## Collected data
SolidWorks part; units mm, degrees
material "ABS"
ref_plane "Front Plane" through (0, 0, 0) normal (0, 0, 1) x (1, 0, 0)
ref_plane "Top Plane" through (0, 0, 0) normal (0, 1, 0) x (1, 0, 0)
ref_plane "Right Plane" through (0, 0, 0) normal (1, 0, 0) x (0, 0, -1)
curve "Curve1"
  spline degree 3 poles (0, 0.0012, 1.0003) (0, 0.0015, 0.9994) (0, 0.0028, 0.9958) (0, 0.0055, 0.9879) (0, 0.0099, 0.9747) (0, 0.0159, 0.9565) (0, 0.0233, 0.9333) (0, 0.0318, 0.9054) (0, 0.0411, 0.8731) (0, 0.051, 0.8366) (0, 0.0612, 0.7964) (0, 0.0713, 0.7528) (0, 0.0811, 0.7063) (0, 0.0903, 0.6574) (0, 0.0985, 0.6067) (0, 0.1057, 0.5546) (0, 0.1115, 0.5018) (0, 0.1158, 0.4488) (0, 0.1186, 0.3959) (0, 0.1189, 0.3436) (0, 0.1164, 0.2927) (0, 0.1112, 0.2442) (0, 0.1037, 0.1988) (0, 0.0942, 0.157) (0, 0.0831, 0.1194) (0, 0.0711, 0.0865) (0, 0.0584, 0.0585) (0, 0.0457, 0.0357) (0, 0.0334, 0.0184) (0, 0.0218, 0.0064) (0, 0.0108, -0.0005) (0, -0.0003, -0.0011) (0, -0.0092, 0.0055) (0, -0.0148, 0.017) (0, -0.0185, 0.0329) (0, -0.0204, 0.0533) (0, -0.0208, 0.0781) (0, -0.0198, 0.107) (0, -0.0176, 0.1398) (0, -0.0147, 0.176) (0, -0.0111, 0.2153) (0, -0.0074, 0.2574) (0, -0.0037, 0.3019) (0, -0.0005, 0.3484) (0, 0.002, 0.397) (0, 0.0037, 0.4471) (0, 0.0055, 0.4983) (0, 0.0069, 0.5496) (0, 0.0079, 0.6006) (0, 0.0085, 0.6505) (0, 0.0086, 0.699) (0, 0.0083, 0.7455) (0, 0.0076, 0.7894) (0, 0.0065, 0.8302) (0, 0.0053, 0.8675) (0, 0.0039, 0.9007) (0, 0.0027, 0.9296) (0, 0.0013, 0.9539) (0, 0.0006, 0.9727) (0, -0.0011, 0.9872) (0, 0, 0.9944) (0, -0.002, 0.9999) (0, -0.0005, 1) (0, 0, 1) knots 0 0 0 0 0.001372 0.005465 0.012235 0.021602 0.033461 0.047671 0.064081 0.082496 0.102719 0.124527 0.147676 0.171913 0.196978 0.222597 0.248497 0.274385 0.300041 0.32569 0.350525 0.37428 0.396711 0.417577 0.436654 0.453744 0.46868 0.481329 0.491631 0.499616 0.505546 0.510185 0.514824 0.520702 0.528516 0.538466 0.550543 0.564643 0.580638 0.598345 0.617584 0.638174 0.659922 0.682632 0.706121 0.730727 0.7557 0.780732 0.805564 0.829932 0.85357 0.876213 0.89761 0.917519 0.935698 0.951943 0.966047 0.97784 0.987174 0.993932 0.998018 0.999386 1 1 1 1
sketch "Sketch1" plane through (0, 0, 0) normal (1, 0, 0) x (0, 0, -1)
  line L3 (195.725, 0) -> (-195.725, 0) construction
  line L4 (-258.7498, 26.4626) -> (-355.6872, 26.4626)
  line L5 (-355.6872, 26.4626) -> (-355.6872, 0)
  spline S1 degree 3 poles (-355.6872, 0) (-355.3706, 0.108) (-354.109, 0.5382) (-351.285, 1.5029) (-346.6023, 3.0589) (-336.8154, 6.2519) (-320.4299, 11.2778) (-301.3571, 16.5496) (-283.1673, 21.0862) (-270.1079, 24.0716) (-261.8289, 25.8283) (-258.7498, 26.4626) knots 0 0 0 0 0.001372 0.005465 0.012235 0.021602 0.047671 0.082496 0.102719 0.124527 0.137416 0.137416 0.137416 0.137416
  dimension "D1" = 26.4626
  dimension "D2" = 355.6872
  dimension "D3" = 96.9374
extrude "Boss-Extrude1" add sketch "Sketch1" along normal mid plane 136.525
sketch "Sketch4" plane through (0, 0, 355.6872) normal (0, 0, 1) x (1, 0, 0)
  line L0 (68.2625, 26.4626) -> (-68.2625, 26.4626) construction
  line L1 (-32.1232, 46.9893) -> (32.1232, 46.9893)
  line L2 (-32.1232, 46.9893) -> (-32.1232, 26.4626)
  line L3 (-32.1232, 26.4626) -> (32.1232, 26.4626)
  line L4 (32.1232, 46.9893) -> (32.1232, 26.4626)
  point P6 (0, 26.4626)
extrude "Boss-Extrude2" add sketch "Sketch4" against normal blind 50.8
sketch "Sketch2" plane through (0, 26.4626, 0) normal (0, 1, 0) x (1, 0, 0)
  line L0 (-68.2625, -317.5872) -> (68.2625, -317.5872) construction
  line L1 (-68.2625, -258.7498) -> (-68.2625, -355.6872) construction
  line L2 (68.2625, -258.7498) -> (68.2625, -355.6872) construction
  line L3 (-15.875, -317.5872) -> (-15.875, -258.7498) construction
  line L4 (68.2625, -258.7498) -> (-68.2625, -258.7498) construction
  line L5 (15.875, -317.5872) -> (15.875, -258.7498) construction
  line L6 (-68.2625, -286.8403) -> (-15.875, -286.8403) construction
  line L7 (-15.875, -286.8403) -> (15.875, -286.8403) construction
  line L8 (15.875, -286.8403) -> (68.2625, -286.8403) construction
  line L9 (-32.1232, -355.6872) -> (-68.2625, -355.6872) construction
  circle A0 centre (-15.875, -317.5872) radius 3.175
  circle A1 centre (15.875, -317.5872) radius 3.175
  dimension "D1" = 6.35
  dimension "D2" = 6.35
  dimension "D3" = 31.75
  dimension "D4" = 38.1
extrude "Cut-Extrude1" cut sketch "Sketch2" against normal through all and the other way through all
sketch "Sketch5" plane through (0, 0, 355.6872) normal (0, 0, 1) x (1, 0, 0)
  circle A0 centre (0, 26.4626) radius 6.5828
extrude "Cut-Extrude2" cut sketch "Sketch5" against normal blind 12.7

## Task prompt
Nothing but the lines from the one that contains "line L6 (-68.2625, -286.8403)" through the last line of the entries should appear in your reply, each repeated exactly.

## Output of the task
  line L6 (-68.2625, -286.8403) -> (-15.875, -286.8403) construction
  line L7 (-15.875, -286.8403) -> (15.875, -286.8403) construction
  line L8 (15.875, -286.8403) -> (68.2625, -286.8403) construction
  line L9 (-32.1232, -355.6872) -> (-68.2625, -355.6872) construction
  circle A0 centre (-15.875, -317.5872) radius 3.175
  circle A1 centre (15.875, -317.5872) radius 3.175
  dimension "D1" = 6.35
  dimension "D2" = 6.35
  dimension "D3" = 31.75
  dimension "D4" = 38.1
extrude "Cut-Extrude1" cut sketch "Sketch2" against normal through all and the other way through all
sketch "Sketch5" plane through (0, 0, 355.6872) normal (0, 0, 1) x (1, 0, 0)
  circle A0 centre (0, 26.4626) radius 6.5828
extrude "Cut-Extrude2" cut sketch "Sketch5" against normal blind 12.7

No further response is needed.